Speaker
Description
The ICARUS-T600 liquid argon time projection chamber (LArTPC) detector is currently taking data at shallow depth as the far detector of the Short Baseline Neutrino program at Fermilab, to search for a possible sterile neutrino signal at $\Delta m^{2} \approx 1\,\textnormal{eV}^{2}$ with the Booster (BNB) and Main Injector (NuMI) neutrino beams.
The ICARUS trigger system exploits the coincidence of the 1.6 and 9.6 $\mu$s BNB and NuMI beam spills with the prompt scintillation light signals produced by ionizing particles in LAr and detected by 360 8" photo-multiplier tubes (PMTs).
Due to the 0–2 GeV (0–5 GeV) neutrino energy range of BNB (NuMI), neutrino interactions are on average contained in a 4-m length along the beam direction, motivating a trigger based on a PMT-multiplicity inside limited TPC regions.

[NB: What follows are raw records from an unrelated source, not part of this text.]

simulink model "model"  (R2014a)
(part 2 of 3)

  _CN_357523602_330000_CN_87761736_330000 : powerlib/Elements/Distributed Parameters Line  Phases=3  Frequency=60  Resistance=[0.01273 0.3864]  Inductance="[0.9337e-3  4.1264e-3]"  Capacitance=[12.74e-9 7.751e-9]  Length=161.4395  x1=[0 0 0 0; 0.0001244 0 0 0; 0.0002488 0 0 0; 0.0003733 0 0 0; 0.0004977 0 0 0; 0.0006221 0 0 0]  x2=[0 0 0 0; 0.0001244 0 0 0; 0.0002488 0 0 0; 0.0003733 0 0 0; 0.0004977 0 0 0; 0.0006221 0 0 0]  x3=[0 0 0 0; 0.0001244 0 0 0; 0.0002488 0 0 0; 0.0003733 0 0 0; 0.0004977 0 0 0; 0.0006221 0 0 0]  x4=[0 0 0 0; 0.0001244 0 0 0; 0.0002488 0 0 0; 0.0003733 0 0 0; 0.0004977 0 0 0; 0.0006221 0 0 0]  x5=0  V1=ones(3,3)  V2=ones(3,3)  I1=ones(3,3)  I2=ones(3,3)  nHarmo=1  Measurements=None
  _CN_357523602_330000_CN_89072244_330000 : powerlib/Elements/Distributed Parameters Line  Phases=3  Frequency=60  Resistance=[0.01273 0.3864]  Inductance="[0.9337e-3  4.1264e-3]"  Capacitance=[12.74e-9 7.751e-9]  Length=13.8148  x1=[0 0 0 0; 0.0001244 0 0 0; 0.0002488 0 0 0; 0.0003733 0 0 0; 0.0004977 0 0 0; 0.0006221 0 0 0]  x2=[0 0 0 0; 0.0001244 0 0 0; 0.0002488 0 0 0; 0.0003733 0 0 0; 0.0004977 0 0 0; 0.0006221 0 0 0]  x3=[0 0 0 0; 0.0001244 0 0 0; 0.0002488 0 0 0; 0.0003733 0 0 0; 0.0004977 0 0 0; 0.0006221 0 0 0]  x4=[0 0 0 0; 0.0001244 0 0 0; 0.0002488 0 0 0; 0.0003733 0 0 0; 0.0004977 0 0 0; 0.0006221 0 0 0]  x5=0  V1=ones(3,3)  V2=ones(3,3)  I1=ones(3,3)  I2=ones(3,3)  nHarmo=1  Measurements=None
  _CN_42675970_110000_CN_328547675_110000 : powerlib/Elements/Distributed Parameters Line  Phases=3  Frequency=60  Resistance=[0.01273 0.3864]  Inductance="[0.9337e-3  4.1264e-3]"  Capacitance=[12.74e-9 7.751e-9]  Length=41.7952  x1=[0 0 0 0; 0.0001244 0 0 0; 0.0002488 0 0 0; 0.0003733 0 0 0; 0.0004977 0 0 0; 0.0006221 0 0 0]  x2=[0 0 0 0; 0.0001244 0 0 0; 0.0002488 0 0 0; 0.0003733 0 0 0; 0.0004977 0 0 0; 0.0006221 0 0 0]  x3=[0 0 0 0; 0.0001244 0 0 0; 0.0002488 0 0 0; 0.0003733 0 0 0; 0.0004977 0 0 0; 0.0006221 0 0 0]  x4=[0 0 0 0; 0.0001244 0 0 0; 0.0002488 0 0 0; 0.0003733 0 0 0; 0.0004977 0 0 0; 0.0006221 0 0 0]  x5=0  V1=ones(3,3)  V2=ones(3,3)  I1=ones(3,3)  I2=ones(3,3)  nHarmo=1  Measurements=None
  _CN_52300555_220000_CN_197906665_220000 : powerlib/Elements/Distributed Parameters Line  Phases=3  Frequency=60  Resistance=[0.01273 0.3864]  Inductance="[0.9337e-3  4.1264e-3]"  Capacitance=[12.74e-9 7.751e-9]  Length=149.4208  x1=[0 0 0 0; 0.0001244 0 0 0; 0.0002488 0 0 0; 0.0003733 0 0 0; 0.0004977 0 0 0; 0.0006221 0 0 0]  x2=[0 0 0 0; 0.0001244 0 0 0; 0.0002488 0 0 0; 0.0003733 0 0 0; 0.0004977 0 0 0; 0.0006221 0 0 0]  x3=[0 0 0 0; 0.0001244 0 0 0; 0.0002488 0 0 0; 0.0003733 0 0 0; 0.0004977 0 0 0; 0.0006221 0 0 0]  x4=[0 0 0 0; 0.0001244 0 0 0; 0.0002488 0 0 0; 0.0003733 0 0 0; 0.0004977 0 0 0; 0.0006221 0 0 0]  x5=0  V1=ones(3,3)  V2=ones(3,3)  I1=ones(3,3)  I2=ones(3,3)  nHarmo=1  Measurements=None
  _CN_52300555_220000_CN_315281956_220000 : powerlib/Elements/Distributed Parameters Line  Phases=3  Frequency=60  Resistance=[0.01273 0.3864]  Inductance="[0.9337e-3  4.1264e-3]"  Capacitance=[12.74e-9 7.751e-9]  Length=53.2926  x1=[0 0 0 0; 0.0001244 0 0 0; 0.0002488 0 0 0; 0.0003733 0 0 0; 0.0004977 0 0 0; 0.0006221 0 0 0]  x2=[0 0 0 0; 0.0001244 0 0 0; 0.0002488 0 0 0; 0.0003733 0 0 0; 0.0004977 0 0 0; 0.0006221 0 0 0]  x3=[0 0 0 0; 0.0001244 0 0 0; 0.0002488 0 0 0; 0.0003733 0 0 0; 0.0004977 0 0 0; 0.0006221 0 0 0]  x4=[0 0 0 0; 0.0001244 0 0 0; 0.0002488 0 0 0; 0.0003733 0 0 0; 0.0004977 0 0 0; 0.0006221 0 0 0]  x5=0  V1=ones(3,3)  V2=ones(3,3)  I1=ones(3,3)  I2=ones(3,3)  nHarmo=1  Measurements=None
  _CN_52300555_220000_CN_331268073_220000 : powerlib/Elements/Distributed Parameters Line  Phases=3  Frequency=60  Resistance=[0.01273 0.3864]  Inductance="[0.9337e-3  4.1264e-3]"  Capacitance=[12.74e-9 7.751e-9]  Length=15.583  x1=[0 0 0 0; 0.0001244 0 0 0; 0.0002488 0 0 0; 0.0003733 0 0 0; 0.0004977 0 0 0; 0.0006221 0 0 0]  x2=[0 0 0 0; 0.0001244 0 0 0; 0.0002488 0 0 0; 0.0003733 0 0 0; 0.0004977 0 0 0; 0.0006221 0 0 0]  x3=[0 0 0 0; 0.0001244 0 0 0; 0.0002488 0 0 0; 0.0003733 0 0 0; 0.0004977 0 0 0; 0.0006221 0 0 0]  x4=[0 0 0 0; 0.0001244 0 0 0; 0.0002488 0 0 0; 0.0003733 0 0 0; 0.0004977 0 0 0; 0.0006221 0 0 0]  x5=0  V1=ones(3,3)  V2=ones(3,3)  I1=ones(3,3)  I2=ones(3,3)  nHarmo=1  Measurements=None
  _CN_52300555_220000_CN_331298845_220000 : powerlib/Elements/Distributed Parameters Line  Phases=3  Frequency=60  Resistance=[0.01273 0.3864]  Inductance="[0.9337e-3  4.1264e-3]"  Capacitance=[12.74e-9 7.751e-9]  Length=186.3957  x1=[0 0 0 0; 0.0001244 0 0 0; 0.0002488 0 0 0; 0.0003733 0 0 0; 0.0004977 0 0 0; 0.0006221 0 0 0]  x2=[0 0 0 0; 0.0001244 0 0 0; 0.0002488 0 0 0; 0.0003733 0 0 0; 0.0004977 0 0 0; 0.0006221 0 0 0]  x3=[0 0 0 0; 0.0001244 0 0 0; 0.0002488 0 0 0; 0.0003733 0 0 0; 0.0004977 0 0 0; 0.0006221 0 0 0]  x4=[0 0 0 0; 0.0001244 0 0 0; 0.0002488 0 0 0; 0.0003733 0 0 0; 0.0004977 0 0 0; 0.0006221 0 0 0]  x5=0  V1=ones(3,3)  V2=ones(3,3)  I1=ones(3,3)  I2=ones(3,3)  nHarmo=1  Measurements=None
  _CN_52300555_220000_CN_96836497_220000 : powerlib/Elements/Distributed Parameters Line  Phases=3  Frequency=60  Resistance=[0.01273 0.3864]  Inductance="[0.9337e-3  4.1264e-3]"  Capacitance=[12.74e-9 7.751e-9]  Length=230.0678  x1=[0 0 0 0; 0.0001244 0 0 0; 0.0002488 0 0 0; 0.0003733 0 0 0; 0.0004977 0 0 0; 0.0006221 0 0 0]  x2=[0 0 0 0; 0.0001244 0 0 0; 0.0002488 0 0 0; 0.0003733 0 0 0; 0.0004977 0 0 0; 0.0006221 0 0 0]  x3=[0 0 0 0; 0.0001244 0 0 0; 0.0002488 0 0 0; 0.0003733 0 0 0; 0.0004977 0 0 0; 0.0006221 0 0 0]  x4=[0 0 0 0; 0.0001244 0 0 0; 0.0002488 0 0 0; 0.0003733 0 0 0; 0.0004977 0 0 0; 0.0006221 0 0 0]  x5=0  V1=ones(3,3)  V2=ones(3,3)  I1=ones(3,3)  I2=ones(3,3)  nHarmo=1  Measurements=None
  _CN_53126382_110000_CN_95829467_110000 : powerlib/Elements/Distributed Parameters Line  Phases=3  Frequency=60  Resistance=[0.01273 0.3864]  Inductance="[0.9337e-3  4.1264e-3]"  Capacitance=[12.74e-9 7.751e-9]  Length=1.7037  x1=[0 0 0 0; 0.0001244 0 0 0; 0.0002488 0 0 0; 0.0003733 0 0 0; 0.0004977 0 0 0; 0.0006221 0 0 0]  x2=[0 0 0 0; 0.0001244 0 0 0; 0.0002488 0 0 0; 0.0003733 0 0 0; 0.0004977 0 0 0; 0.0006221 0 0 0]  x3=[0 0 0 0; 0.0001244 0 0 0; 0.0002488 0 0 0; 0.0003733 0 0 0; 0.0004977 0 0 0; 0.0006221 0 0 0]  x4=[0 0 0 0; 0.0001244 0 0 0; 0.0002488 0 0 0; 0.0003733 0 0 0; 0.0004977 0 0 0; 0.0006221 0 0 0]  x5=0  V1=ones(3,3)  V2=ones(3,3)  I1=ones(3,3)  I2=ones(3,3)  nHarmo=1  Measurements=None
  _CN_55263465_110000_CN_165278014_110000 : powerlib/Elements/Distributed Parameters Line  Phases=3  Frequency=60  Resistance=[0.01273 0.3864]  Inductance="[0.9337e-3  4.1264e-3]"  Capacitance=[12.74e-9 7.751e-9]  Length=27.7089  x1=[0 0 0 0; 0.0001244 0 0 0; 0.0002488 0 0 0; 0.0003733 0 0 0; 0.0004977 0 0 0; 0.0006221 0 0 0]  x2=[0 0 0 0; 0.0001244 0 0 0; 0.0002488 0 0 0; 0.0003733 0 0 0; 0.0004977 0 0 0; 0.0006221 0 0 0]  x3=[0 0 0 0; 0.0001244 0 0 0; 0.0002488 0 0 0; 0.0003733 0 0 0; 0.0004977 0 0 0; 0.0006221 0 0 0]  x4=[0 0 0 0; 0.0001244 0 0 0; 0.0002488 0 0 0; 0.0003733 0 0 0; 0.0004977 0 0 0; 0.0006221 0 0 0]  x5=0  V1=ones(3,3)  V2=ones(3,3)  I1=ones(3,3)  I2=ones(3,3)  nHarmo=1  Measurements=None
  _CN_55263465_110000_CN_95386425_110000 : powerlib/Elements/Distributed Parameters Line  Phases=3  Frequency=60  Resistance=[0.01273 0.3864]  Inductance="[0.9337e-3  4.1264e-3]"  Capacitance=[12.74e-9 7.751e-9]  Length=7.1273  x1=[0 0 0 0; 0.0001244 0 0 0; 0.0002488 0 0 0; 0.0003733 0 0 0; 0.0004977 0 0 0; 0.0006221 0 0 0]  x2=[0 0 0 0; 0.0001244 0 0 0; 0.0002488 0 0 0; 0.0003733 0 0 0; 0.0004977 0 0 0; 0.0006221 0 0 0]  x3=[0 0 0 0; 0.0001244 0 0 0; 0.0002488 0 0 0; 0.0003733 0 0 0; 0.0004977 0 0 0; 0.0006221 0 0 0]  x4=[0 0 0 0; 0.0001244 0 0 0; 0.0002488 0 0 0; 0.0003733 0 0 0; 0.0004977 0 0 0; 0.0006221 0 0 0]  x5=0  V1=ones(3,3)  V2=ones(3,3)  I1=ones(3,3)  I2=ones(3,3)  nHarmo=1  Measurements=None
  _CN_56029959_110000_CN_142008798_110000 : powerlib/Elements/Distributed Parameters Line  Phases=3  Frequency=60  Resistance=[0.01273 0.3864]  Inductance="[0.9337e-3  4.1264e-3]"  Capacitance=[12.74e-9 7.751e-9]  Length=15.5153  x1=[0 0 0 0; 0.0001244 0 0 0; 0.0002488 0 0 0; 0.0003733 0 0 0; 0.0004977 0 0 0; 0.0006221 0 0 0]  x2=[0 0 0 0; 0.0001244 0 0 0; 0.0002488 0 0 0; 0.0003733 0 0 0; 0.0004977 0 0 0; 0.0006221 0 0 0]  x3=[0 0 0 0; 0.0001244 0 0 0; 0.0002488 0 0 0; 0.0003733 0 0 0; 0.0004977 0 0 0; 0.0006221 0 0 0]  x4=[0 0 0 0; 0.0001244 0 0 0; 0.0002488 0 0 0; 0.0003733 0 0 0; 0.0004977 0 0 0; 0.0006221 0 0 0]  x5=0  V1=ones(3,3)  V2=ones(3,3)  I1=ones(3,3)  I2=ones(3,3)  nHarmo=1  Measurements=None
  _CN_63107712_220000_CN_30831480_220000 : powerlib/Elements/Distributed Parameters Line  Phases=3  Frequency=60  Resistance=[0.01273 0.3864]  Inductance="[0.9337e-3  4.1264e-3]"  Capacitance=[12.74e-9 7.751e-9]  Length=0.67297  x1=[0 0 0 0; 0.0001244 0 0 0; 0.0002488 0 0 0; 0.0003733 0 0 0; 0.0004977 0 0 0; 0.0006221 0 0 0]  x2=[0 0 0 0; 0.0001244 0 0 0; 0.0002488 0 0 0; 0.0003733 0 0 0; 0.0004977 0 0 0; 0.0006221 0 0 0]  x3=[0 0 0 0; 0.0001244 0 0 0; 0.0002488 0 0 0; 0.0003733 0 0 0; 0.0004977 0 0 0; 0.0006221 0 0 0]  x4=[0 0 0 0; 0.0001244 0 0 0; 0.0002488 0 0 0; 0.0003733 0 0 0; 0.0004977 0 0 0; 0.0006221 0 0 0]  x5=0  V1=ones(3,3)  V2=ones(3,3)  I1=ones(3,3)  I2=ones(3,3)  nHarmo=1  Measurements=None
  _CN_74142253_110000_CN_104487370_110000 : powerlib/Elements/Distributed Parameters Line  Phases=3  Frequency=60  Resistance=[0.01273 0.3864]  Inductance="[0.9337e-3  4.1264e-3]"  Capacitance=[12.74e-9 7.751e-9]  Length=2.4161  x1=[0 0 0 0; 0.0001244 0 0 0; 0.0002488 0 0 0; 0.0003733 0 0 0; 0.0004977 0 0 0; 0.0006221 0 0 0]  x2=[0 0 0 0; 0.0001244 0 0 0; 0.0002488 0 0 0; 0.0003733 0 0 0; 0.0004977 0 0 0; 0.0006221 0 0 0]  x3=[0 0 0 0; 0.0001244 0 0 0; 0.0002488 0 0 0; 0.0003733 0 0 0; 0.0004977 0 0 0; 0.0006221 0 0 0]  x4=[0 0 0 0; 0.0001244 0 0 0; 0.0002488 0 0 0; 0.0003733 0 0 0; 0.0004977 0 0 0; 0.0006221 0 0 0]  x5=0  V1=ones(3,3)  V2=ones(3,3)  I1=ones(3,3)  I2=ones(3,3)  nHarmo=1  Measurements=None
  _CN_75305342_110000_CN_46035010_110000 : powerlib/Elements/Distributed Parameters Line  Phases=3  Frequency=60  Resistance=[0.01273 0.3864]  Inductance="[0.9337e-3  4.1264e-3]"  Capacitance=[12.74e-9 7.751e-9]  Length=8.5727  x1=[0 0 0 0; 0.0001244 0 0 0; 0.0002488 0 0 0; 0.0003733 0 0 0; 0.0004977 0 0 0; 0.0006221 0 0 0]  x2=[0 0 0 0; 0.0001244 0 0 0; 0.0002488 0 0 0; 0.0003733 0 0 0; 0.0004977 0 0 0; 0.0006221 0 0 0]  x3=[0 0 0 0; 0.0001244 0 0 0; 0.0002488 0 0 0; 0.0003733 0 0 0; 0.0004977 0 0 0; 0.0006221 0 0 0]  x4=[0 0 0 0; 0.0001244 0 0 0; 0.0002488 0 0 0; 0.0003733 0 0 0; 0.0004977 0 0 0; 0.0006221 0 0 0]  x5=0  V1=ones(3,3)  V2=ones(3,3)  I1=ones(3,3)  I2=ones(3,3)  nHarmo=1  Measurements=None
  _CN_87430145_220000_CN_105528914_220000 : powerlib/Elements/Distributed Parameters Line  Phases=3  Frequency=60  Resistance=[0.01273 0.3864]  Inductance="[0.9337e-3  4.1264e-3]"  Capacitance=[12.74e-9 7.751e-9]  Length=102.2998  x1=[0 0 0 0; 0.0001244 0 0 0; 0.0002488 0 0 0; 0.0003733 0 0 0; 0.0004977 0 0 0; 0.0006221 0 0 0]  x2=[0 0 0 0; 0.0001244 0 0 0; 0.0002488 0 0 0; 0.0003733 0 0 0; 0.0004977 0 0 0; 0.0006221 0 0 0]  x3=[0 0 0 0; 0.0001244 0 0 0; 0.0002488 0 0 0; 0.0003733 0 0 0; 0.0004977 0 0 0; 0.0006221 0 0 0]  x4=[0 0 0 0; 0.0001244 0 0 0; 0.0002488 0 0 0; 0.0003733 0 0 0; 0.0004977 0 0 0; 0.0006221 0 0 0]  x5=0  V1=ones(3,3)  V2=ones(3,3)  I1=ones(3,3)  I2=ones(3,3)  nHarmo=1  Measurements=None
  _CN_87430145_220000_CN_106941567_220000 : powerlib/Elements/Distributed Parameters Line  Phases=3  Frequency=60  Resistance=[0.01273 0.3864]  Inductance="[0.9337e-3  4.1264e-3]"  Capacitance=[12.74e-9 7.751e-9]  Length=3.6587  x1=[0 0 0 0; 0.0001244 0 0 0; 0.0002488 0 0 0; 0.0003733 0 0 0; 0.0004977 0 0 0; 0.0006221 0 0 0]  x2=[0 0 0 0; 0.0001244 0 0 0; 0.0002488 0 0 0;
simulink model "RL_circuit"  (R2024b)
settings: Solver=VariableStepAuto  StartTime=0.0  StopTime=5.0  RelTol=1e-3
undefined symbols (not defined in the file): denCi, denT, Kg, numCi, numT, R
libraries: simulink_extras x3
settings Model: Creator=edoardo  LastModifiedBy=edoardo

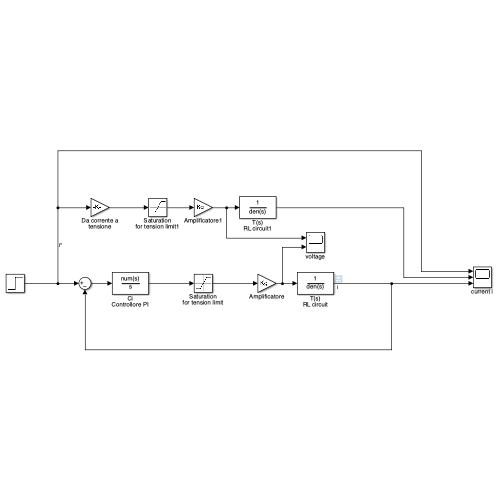
[thumbnail: Simulink's stored preview of the top-level diagram]
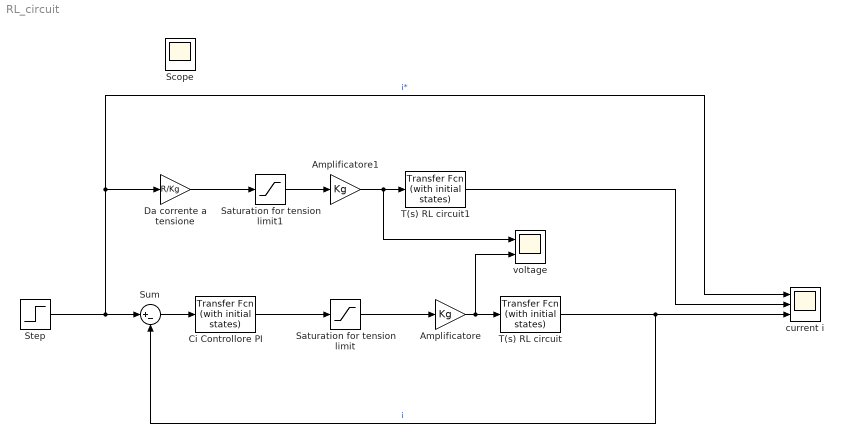
== system RL_circuit ==
  Amplificatore : Gain  Gain=Kg
  Amplificatore1 : Gain  Gain=Kg
  Ci Controllore PI : simulink_extras/Additional Linear/Transfer Fcn (with initial states)  N=numCi  D=denCi  X0=0
  Da corrente a tensione : Gain  Gain=R/Kg
  Saturation for tension limit : Saturate  UpperLimit=8  LowerLimit=-8
  Saturation for tension limit1 : Saturate  UpperLimit=8  LowerLimit=-8
  Step : Step  SampleTime=0
  Sum : Sum  Inputs=|+-
  T(s) RL circuit : simulink_extras/Additional Linear/Transfer Fcn (with initial states)  N=numT  D=denT  X0=0
  T(s) RL circuit1 : simulink_extras/Additional Linear/Transfer Fcn (with initial states)  N=numT  D=denT  X0=0
  current i : Scope  NumInputPorts=3
  voltage : Scope  NumInputPorts=2
  Scope : Scope
  wires:
  Amplificatore/1 -> voltage/2, T(s) RL circuit/1
  T(s) RL circuit/1 -> Sum/2, current i/3  "i"
  Sum/1 -> Ci Controllore PI/1
  Saturation for tension limit/1 -> Amplificatore/1
  Ci Controllore PI/1 -> Saturation for tension limit/1
  Step/1 -> Da corrente a tensione/1, current i/1, Sum/1  "i*"
  Amplificatore1/1 -> voltage/1, T(s) RL circuit1/1
  Saturation for tension limit1/1 -> Amplificatore1/1
  Da corrente a tensione/1 -> Saturation for tension limit1/1
  T(s) RL circuit1/1 -> current i/2

The first trigger efficiency measurement leverages cosmic ray data collected with a minimum-bias trigger, without imposing any scintillation light requirement, and the timing from an external cosmic ray tagger system.
The efficiency with a highly-pure stopping muon sample saturates at $E_{\mu}\approx300$ MeV, covering most of the BNB and NuMI charged-current neutrino interactions.
For the latest ICARUS run, the PMT-multiplicty threshold is being lowered to further improve the low-energy trigger detection efficiency.
Special adder boards, performing the analog sum of scintillation light signals in limited TPC portions, are being introduced as an additional trigger system to possibly recover low-energy neutrino interactions close to the PMTs.
Finally, the ns-scale timing resolution is being leveraged to reconstruct the bunched structures of the BNB and NuMI beams, with the aim of eventually introducing an off-line time-based trigger to cut in-between bunches, rejecting cosmic rays with high efficiency while retaining neutrino interactions with high purity.